Barroso and Almunia also urged the member states to look at the possibility of strengthening supranational financial institutions. Barroso said governments should also consider giving more money to the European Investment Bank that could direct funding to infrastructure projects or provide loans for small businesses hit by the credit crunch.

The European Bank for Reconstruction and Development (EBRD) could also receive more capital. The commission communication stated, “The EBRD has been playing a key role in financial sector reform and in financing the private sector in our newer member states. In the current financing environment its activities in these countries could be strengthened.


In the spirit of solidarity, EU governments agreed late Tuesday (October 28) to lend Hungary 6.5 billion Euro in a joint bid with the International Monetary Fund (IMF) to help the country deal with the financial crisis.

Barroso said the EU stands ready to provide substantial medium-term financial assistance to other member states experiencing balance of payments pressures or serious financial stability risks saying, “we need to be prudent but also vigilant.”

Amid fears that several new EU member states and other countries might eventually need assistance, Commissioner Almunia confirmed that no other country has asked for a rescue package similar to one provided to Hungary.

Hinting at the crisis-situation in Ukraine and others, Commission President Barroso said, “neighbours are under stress but EU institutions are ready to provide.”


Barroso promised EU support to improve cooperation and coherence at international level saying, “When you have global interdependence, you need global governance.”

Commenting on the Summit of Group of 20 in Washington on November 15 to reform the global financial system, Barroso said the summit must deliver the first results so as to rebuild a climate of confidence, which is part of the solution to the current crisis.

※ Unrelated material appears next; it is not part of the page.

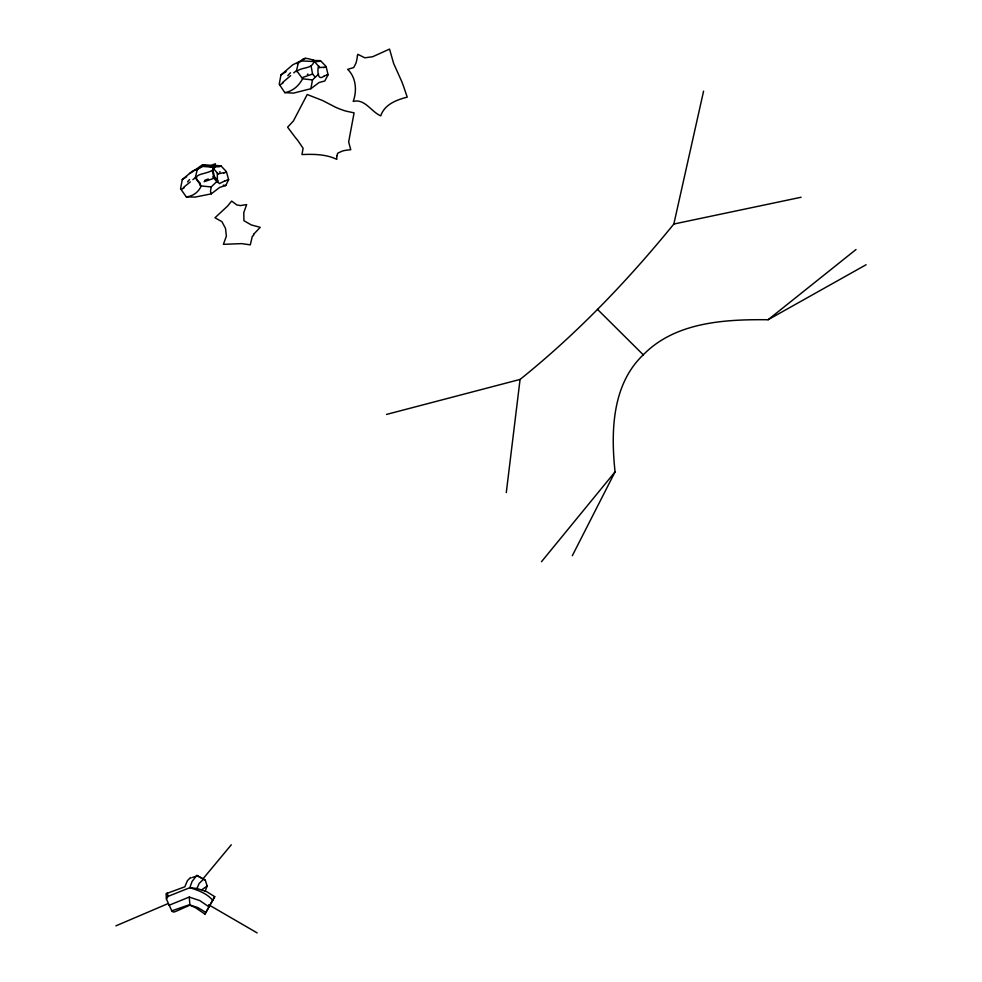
<?xml version="1.0" encoding="UTF-8"?>
<svg xmlns="http://www.w3.org/2000/svg" width="982" height="982" viewBox="0 0 982 982"><rect width="100%" height="100%" fill="white"/><g stroke="black" fill="none" stroke-linecap="round" stroke-linejoin="round"><path stroke-width="1.47" d="M297.202 63.83L301.523 60.921C303.34 56.146 310.103 59.399 313.16 60.025L318.413 66.076C317.382 70.741 317.432 81.948 324.367 75.786M506.282 492.608L520.067 379.433C577.06 333.72 627.756 280.619 673.836 224.031L703.578 91.154M286.093 71.686L280.95 74.939L279.232 84.219L284.817 92.627L293.495 93.118L310.852 88.724L319.089 82.5L324.821 80.99L328.086 74.779L326.061 66.408L320.439 60.651L314.252 60.479L313 61.265M186.629 176.723L182.271 179.534L180.553 188.74L186.285 196.866L195.136 197.1L211.277 193.847L219.784 187.341L225.75 185.524L228.622 179.767L226.425 171.654L220.925 165.86L215.095 165.381L210.062 166.952L201.936 166.412L196.793 169.837M293.753 72.852L296.564 70.569L298.516 62.013L305.537 58.294M192.902 179.632L195.283 177.791L197.345 169.186L204.428 165.369L212.075 166.989L217.562 173.237M201.936 166.412L202.66 165.234L204.428 165.369M217.28 172.979L217.415 180.983L211.204 186.936L210.479 191.478L211.277 193.847M196.952 888.501L206.588 891.607L214.727 896.689L204.943 914.119L195.958 907.982L189.943 905.134L175.324 911.615L173.274 912.082L171.764 910.842L166.4 899.046L168.094 896.357L189.821 887.703L196.952 888.501L199.162 883.444L203.593 879.148L205.336 880.277L207.141 886.046L205.128 891.251M318.622 74.067L312.497 79.91L310.852 88.724M204.943 914.119L214.727 896.689M572.322 555.702L615.063 471.851C610.779 431.749 611.921 384.588 643.271 354.821C675.334 321.949 724.937 319.26 768.084 319.739L866.112 264.735M214.064 166.289L215.439 163.761L211.228 165.271L202.464 164.755L193.405 171.138M200.132 185.623L200.083 183.008C186.617 170.929 215.23 176.367 215.095 165.381M296.478 71.637C301.965 66.371 312.546 69.857 314.252 60.479M211.204 186.936L201.261 185.954C198.474 192.141 193.11 196.228 186.285 196.866M312.497 79.91L302.591 78.793C298.847 85.815 292.845 91.216 284.817 92.627M541.475 561.729L615.063 471.851M202.992 878.829L231.298 844.79M212.075 166.989L219.526 166.695A11.674 6.076 -63 0 0 220.925 165.884M202.01 889.618L207.141 886.046M313.16 60.025L314.854 61.719L319.089 61.4A11.907 5.88 -65.3 0 0 320.427 60.663M205.336 880.277L196.805 875.428L192.091 881.419L189.821 887.703C198.033 890.195 207.141 893.51 212.64 900.285M290.623 75.688L282.386 82.684M190.299 181.915L183.352 187.574M768.084 319.739L856.034 249.502M191.22 877.883L190.508 877.552L187.415 880.645L184.837 886.807L166.081 893.706L166.4 899.046M192.767 171.605L191.6 172.402M168.695 905.416L189.244 897.069L199.788 900.592L208.982 906.877M191.048 172.746L189.526 173.556M280.95 74.939L292.857 64.751L298.516 62.013M182.271 179.534L192.595 170.991L197.345 169.186M224.731 180.958L219.293 183.646L217.415 180.983M115.888 925.866L167.836 903.686M217.587 182.542L213.978 178.282L204.109 181.695M302.702 77.418L312.571 74.067L315.332 77.271M217.906 180.676L214.346 176.478L212.628 177.079M171.764 910.842L189.305 904.79L197.787 907.54L205.754 912.364M224.289 172.574L218.691 173.765M324.011 67.218L319.162 67.586M192.484 877.454L197.529 875.772M312.522 61.449L301.523 60.921M386.491 414.429L520.067 379.433M227.198 180.123L228.622 179.767M326.711 75.074L328.086 74.779M673.836 224.031L801.103 197.259M223.209 185.181L225.75 185.524M189.943 905.134L189.244 897.069M196.805 875.428L203.593 879.148M208.65 904.741L257.137 932.9M597.51 309.379L643.271 354.821M296.564 70.569L302.591 78.793M195.283 177.791L201.261 185.954M167.21 892.908L168.094 896.357M212.689 168.818L214.346 176.478M212.308 170.512L213.978 178.282M311.098 66.027L312.571 74.067M325.545 66.923A13.711 2.688 -32.9 0 1 323.495 67.66M319.457 66.432A154.26 20.119 -34.1 0 1 318.917 66.236M319.125 67.611A167.812 21.248 -38 0 1 318.843 66.837M287.787 75.639A217.01 60.749 -3.4 0 1 290.476 72.754M282.988 83.065A83.691 33.842 26.4 0 1 279.993 84.734M307.98 74.08A21.751 1.129 -23.7 0 1 307.341 74.337M324.539 75.823A19.419 5.634 3.6 0 1 326.896 75.148M224.878 181.007A19.272 6.592 2.6 0 1 227.345 180.185M225.872 172.194A13.503 2.418 -32 0 1 223.7 173.065M220.164 171.924A151.13 17.345 -33.4 0 1 219.428 171.948M218.274 174.084A164.154 19.112 -37.4 0 1 217.697 173.642M187.537 181.903A214.272 49.149 -2.3 0 1 189.587 179.583M184.027 187.955A83.237 27.717 26.2 0 1 181.437 189.293M208.27 178.945A21.506 1.731 -23.9 0 1 204.821 180.271M253.589 234.33L253.565 235.594L252.349 236.171L250.287 244.849L241.621 243.622L223.393 244.346L226.376 236.146L225.504 228.364L221.92 221.662L214.984 217.771L227.689 205.962L231.654 201.077L236.772 204.907L240.43 205.582L246.654 204.587L243.769 212.591L243.917 220.705L251.282 224.939L260.242 227.321L253.589 234.33M336.801 156.028L336.789 159.354C326.147 154.199 313.602 154.051 301.953 154.567L303.107 148.282L297.62 140.23A67.697 66.383 -86.4 0 1 295.386 137.554L287.616 127.194L293.385 121.007L307.206 94.517L322.562 100.508L335.648 107.284A114.108 110.671 -86.4 0 0 339.956 109.088L344.216 110.585A55.728 54.403 -86.5 0 0 348.463 111.666L354.097 112.856L348.659 141.924L350.758 149.718L347.039 150.123A30.503 30.16 -76.8 0 0 345.554 150.344A33.67 33.29 -76.1 0 0 342.129 151.13L337.722 153.192L336.801 156.028M357.448 55.778L357.239 57.324A41.17 40.213 87.6 0 1 355.963 63.143L353.741 67.549L347.653 69.341C356.159 77.394 357.129 90.884 353.189 101.416C364.739 98.384 371.196 111.764 380.746 115.864C384.465 104.399 396.593 99.869 407.235 97.144L403.516 86.22A155.266 153.143 76.7 0 0 401.712 81.445L393.659 63.511L389.535 49.1L372.669 56.735L364.801 57.803L357.829 54.292L357.448 55.778"/></g></svg>

Urging China to be part of the solution, Barroso said, “China has been benefiting from this globalisation and has made big financial reserves and its time to show that they can help in this time of crisis.”

Barroso called on the IMF to be prepared to intervene with emergency financing as there were signs that the crisis is spreading to emerging markets. China and the Gulf countries could do more to help the IMF support countries hit by the financial crisis, Barroso said adding, “The idea put forward by (British) Prime Minister Gordon Brown, and I completely agree with him, is that China and others could help more the IMF ... Not only China but also the Gulf countries could maybe give a concrete demonstration of their sense of responsibility.”

On the subject of overhaul of the relevant financial institutions, the commission communication stated, “Europe is well placed to play an active role in designing the new global architecture and making it work effectively,” based on key principles of efficiency, transparency plus accountability and representation.

Commenting on the plunging stock markets even with the pumping of liquidity in the banking system, Barroso blamed it on lack of confidence in the economy, Barroso said, “People are expecting the negative effects on the so-called real economy and that's why it's important ... that we are acting in a coordinated way to address the problems of the real economy.” Barroso sounded positive as he declared, “Europe will come through this financial storm and will emerge stronger.”

Almunia said that he had made a proposal to raise the maximum EU aid to member states facing financing troubles to 25 billion Euro as according to a 2002 rule, the EU can provide up to 12 billion Euro in total financial assistance to member states that do not use the Euro when they run into a balance of payments crisis.

"We sent to the council (of member states) proposals for increasing this ceiling to 25 billion Euro," Almunia told journalists. EU officials later said that it will be on the agenda of the meeting of the EU finance ministers on Tuesday (November 4) in Brussels.